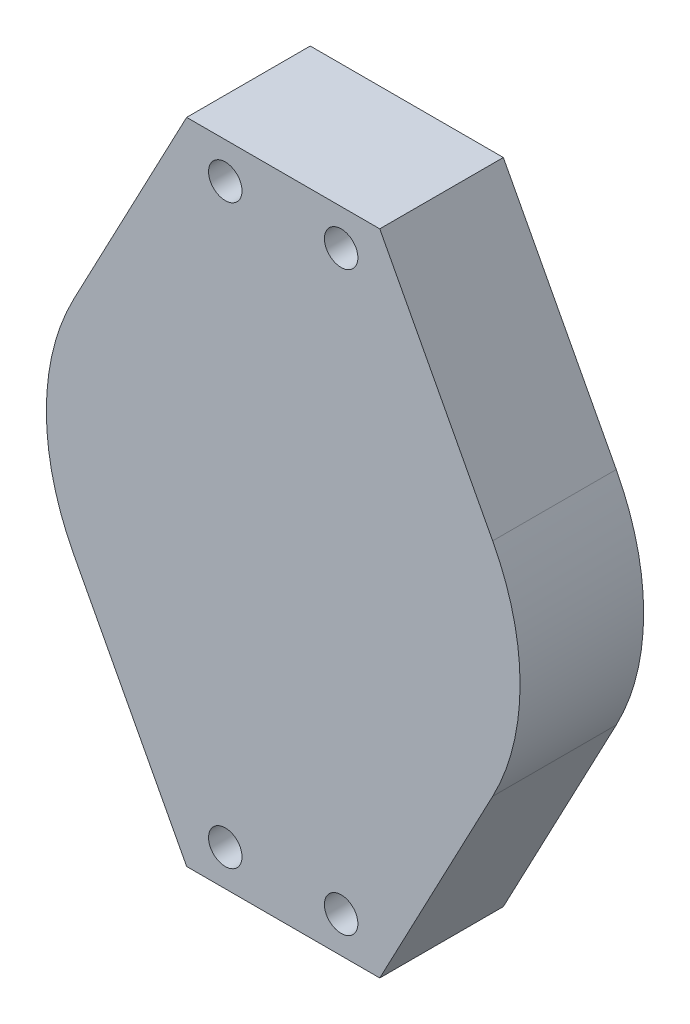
from build123d import *

# Parameters (mm, degrees)
EXTRUSION1_DEPTH                                   = 48
ESQUISSE2_R                                        = 90
ENL_V_MAT_EXTRU_1_DEPTH                            = 32
CHAMBRAGE_POUR_VIS_T_TE_RONDE_BOMB_E_M_D           = 13
CHAMBRAGE_POUR_VIS_T_TE_RONDE_BOMB_E_M_CBORE_D     = 26
CHAMBRAGE_POUR_VIS_T_TE_RONDE_BOMB_E_M_CBORE_DEPTH = 37.5
SYM_TRIE2_COPY_1_D                                 = 13
SYM_TRIE2_COPY_1_CBORE_D                           = 26
SYM_TRIE2_COPY_1_CBORE_DEPTH                       = 37.5


with BuildPart() as part:
    # Esquisse1 → Extrusion1 (new body)
    with BuildSketch(Plane.XY):
        with BuildLine():
            Line((-37.5, 126), (37.5, 126))
            Line((37.5, 126), (81.352427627, 42.962571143))
            ThreePointArc((81.352427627, 42.962571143), (92, 0), (81.352427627, -42.962571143))
            Line((81.352427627, -42.962571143), (37.5, -126))
            Line((37.5, -126), (-37.5, -126))
            Line((-37.5, -126), (-81.352427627, -42.962571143))
            ThreePointArc((-81.352427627, -42.962571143), (-92, 0), (-81.352427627, 42.962571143))
            Line((-81.352427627, 42.962571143), (-37.5, 126))
        make_face()
    extrude(amount=EXTRUSION1_DEPTH)

    # Esquisse2 → Enl_v. mat.-Extru.1 (cut)
    with BuildSketch(Plane(origin=(0, 0, 0), x_dir=(-1, 0, 0), z_dir=(0, 0, -1))):
        Circle(ESQUISSE2_R)
    extrude(amount=-ENL_V_MAT_EXTRU_1_DEPTH, mode=Mode.SUBTRACT)

    # Chambrage pour vis _ t_te ronde bomb_e M (through all)
    with Locations(Plane(origin=(0, 0, 0), x_dir=(-1, 0, 0), z_dir=(0, 0, -1))):
        with Locations((-22.5, 112)):
            chambrage_pour_vis_t_te_ronde_bomb_e_m = CounterBoreHole(CHAMBRAGE_POUR_VIS_T_TE_RONDE_BOMB_E_M_D / 2, CHAMBRAGE_POUR_VIS_T_TE_RONDE_BOMB_E_M_CBORE_D / 2, CHAMBRAGE_POUR_VIS_T_TE_RONDE_BOMB_E_M_CBORE_DEPTH)

    # Sym_trie1: Chambrage pour vis _ t_te ronde bomb_e M across plane
    add(chambrage_pour_vis_t_te_ronde_bomb_e_m.mirror(Plane(origin=(0, 0, 0), x_dir=(0, 0, 1), z_dir=(1, 0, 0))), mode=Mode.SUBTRACT)

    # Sym_trie2: Chambrage pour vis _ t_te ronde bomb_e M across plane
    add(chambrage_pour_vis_t_te_ronde_bomb_e_m.mirror(Plane.ZX), mode=Mode.SUBTRACT)

    # Sym_trie2 copy 1 (through all)
    with Locations(Plane(origin=(0, 0, 0), x_dir=(1, 0, 0), z_dir=(0, 0, -1))):
        with Locations((-22.5, 112)):
            CounterBoreHole(SYM_TRIE2_COPY_1_D / 2, SYM_TRIE2_COPY_1_CBORE_D / 2, SYM_TRIE2_COPY_1_CBORE_DEPTH)


solid = part.part

◆ **TASK TO COMPLETE**: Copy each line of the records containing the string "BuildSketch".

◆ **SOLUTION BELOW**:
    with BuildSketch(Plane.XY):
    with BuildSketch(Plane(origin=(0, 0, 0), x_dir=(-1, 0, 0), z_dir=(0, 0, -1))):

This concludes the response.